According to size of .ibd? Or SHOW TABLE STATUS? Or the dump size, which would be bogus (see below).
it is significantly more than the text dump file
The lengths in TABLE STATUS include several flavors of overhead (BTree, free space, extra extents, etc), plus the indexes (which are not in the dump file).
Also, think about a BIGINT that contains 1234. The .ibd will 8 bytes plus some overhead; the dump will have 5 ('1234', plus a comma). That leads to my next point...
Are there really more than 4 billion merchants? merchant_id is BIGINT (8 bytes); INT UNSIGNED is only 4 bytes and allows 0..4 billion.
What's in uid? If it is some sort of UUID, it seems awfully long.
Do you happen to have the "stats from I_S.TABLES" from the old table?
So far, I have not addressed "whether the repartioning explains the roughly doubled size".
extra columns (2 Bigint, 2 Varchar(200), 1 Date)
That's about 29 bytes per row (15GB of Data_length), perhaps less since they are NULL.
You seem to be using the default ROW_FORMAT. I suspect this did not change in the conversion.
It is usually unwise to start an index with the "partition key" (merchant_id or action_date). This is because you are already "pruning" on that key; you are better off starting the index with something else. (Caveat: There are exceptions.)
Check the CHARACTER SET and datatype of the "additional columns". If something changed, that could be significant.
would I end up with a table more like the size of my original table ~430 GB?
Alas, until we figure out why it grew, I can't answer that question.
I'm more interested in whether random insertion vs. the partition (ACTION_DATE) would lead to wasted space / half empty pages.
I recommend you try the following experiment.

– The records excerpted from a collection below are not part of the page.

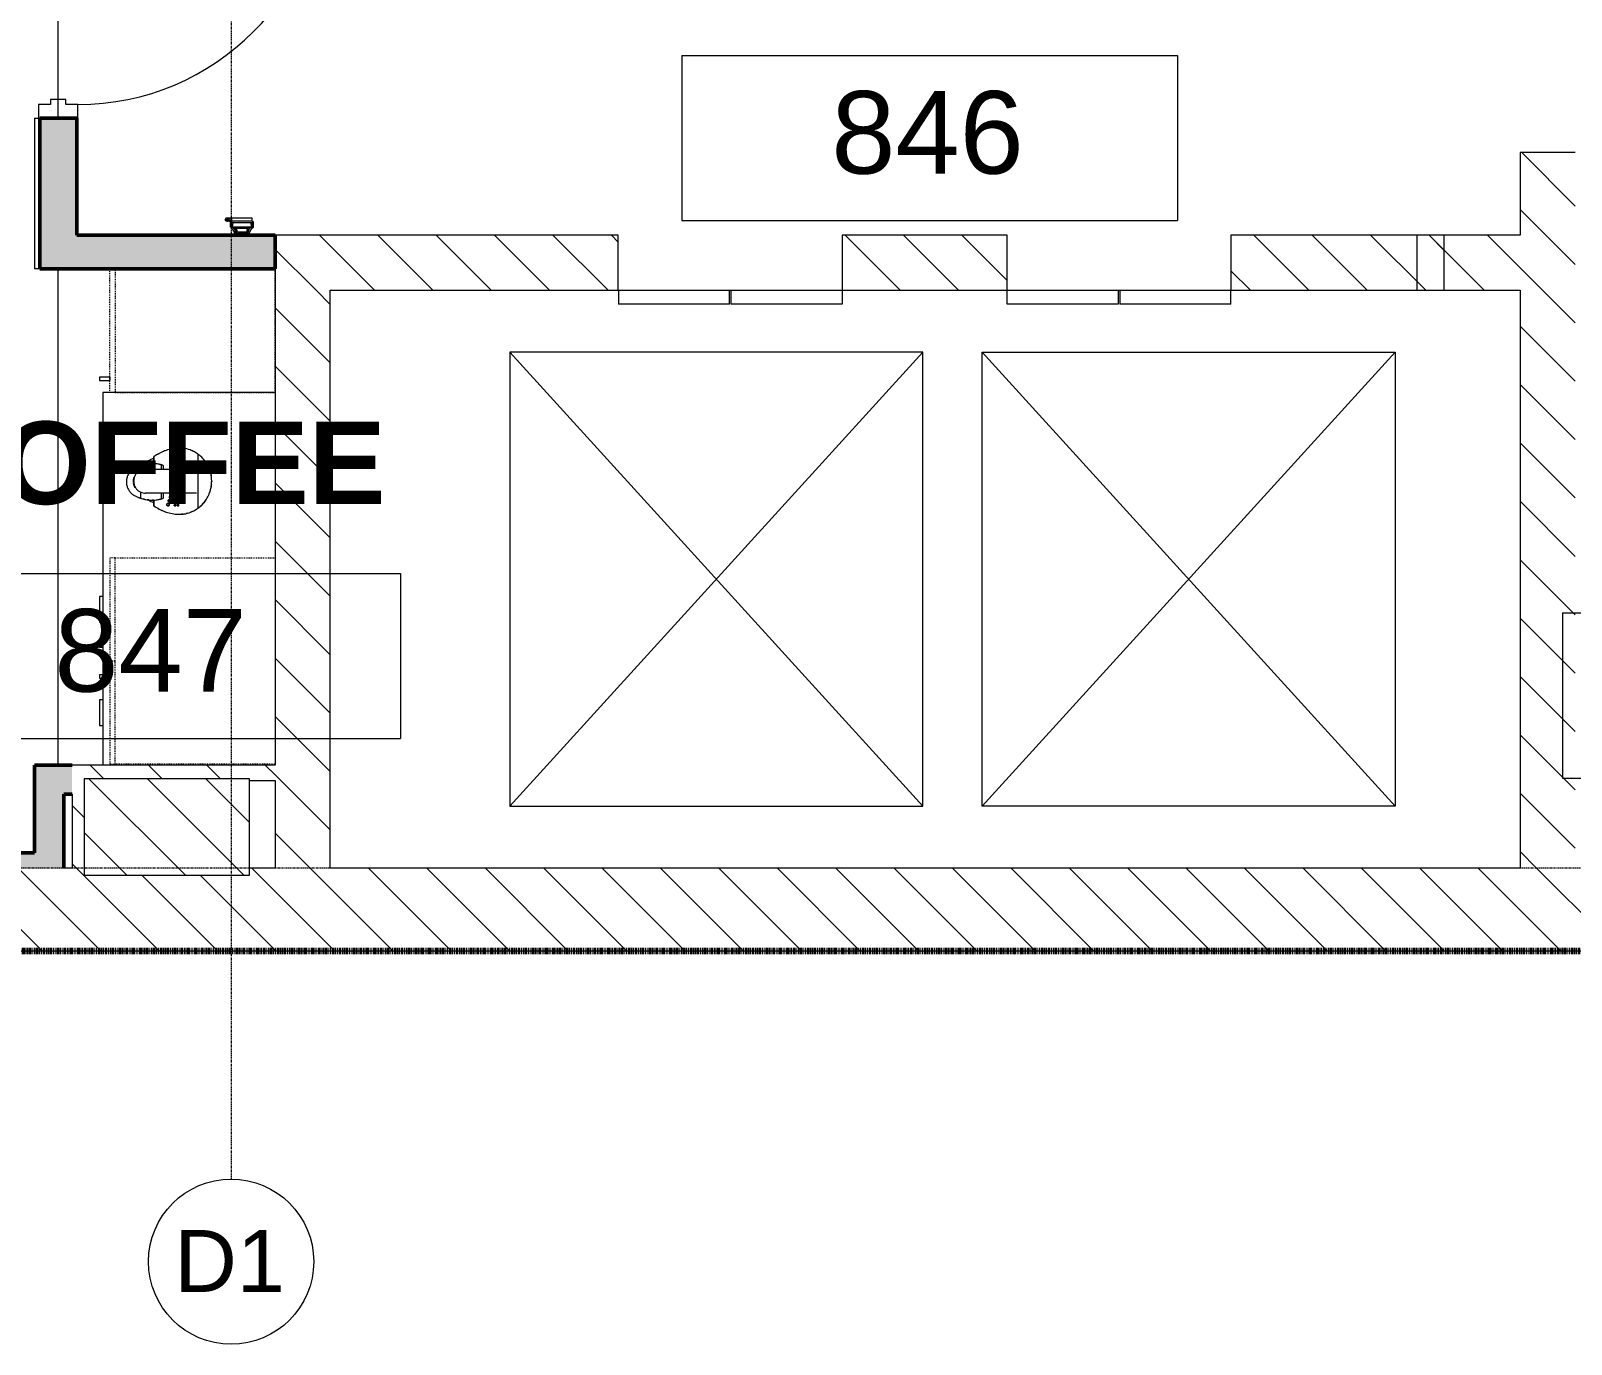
# Model space of a CAD drawing. Header units: inches. Extents: x -956 to 1409, y -1111 to 895.
# Drawn here: x -364.6 to -140.8, y -1111.3 to -920.4 of the extents above; entities that cross this region are included whole.
import ezdxf

# ---------------------------------------------------------------- set-up
doc = ezdxf.new("R2010")
doc.units = ezdxf.units.IN
doc.header["$MEASUREMENT"] = 0
for name, pattern in [('Dash', [0.25, 0.125, -0.125]), ('Double Dash 3_8_', [1, 0.375, -0.125, 0.125, -0.125, 0.125, -0.125]), ('Double Dash 3_8__2_', [1, 0.375, -0.125, 0.125, -0.125, 0.125, -0.125]), ('Grid Line 1_4_', [0.4375, 0.25, -0.0625, 0.0625, -0.0625])]:
    doc.linetypes.add(name, pattern=pattern)
for name, color, linetype, lineweight in [('A-AREA', 32, 'Continuous', 9), ('A-AREA-IDEN', 2, 'Continuous', 9), ('A-DETL', 90, 'Continuous', 13), ('A-DETL-THIN', 151, 'Continuous', 13), ('A-DOOR', 31, 'Continuous', 13), ('A-DOOR-FRAM', 31, 'Continuous', 20), ('A-FLOR', 192, 'Continuous', 13), ('A-WALL', 113, 'Continuous', 13), ('A-WALL-PATT', 111, 'Continuous', 13), ('C-PROP-LINE', 91, 'Double Dash 3_8_', 20), ('I-WALL', 2, 'Continuous', 13), ('Q-CASE', 31, 'Continuous', 9), ('Q-SPCQ', 91, 'Continuous', 13), ('S-COLS', 52, 'Continuous', 13), ('S-GRID', 1, 'Continuous', 9), ('S-GRID-IDEN', 1, 'Continuous', 9)]:
    doc.layers.add(name, color=color, linetype=linetype, lineweight=lineweight)
doc.styles.add('Arial_1', font='arial.ttf', dxfattribs={"height": 9})
doc.styles.add('Arial_3', font='arial.ttf', dxfattribs={"height": 12})
doc.styles.add('Arial_B', font='arialbd.ttf', dxfattribs={"height": 12})
pattern_1 = [(135, (0, 0), (-4.24264, -4.24264), [])]

# ---------------------------------------------------------------- blocks, each defined once
blk = doc.blocks.new('Concrete-Square-Column - 14 x 24-3368441-8TH FLOOR TELECOM UNDERFLOOR ROUTING PLAN')
at = {"layer": 'S-COLS', "lineweight": 9}
h = blk.add_hatch(dxfattribs=at)
h.set_pattern_fill('FP_2', color=53, style=0, pattern_type=2)
h.set_pattern_definition([(45, (1036.119, -344.82), (-4.24264, 4.24264), [])])
h.paths.add_polyline_path([(-7, 12), (-7, -12), (7, -12), (7, 12), (5.49, 12)], flags=0)
at = {"layer": 'S-COLS', "color": 133, "lineweight": 20}
for p, q in [((7, 12), (-7, 12)), ((-7, 12), (-7, -12)), ((7, -12), (7, 12)), ((-7, -12), (7, -12))]:
    blk.add_line(p, q, dxfattribs=at)
blk = doc.blocks.new('Elevator Door-Center - 32_ x 84_-987166-8TH FLOOR TELECOM UNDERFLOOR ROUTING PLAN')
at = {"layer": 'Q-SPCQ', "lineweight": 9}
for p, q in [((-20.15, -4), (-4.03, -4)), ((-20.15, -4), (-20.15, -6)), ((-4.03, -6), (-4.03, -4)), ((-3.78, -4), (12.35, -4)), ((-3.78, -6), (-3.78, -4)), ((12.35, -4), (12.35, -6)), ((-4.03, -6), (-20.15, -6)), ((12.35, -6), (-3.78, -6))]:
    blk.add_line(p, q, dxfattribs=at)
blk = doc.blocks.new('Elevator Door-Center - 32_ x 84_-987215-8TH FLOOR TELECOM UNDERFLOOR ROUTING PLAN')
at = {"layer": 'Q-SPCQ', "lineweight": 9}
for p, q in [((-20.15, 6), (-4.03, 6)), ((-20.15, 6), (-20.15, 4)), ((-4.03, 4), (-4.03, 6)), ((-3.78, 6), (12.35, 6)), ((-3.78, 4), (-3.78, 6)), ((12.35, 6), (12.35, 4)), ((-4.03, 4), (-20.15, 4)), ((12.35, 4), (-3.78, 4))]:
    blk.add_line(p, q, dxfattribs=at)
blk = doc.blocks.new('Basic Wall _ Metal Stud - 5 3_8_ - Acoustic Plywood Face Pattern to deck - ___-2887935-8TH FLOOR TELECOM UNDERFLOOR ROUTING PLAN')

Do not use optimize partition; see http://bugs.mysql.com/bug.php?id=42822 . Instead do this to defragment one partition (such as p02):
ALTER TABLE table_name REBUILD PARTITION p02;
You could do this SELECT before and after in order to see the change(s) to the PARTITIONs:
SELECT *
FROM information_schema.PARTITIONS
WHERE TABLE_SCHEMA = 'dbname' -- change as needed
AND TABLE_NAME = 'table_name' -- change as needed
ORDER BY PARTITION_ORDINAL_POSITION,
SUBPARTITION_ORDINAL_POSITION;
It's a generic query to get the table-status-like info for the partitions of one table.
If the REBUILD cuts the partition by about 50%, then we have the answer.
Generally, randomly inserting into a BTree should leave you with about 69% (not 50%) of the "full" size. Hence, I'm not 'expecting' this to be the solution/answer.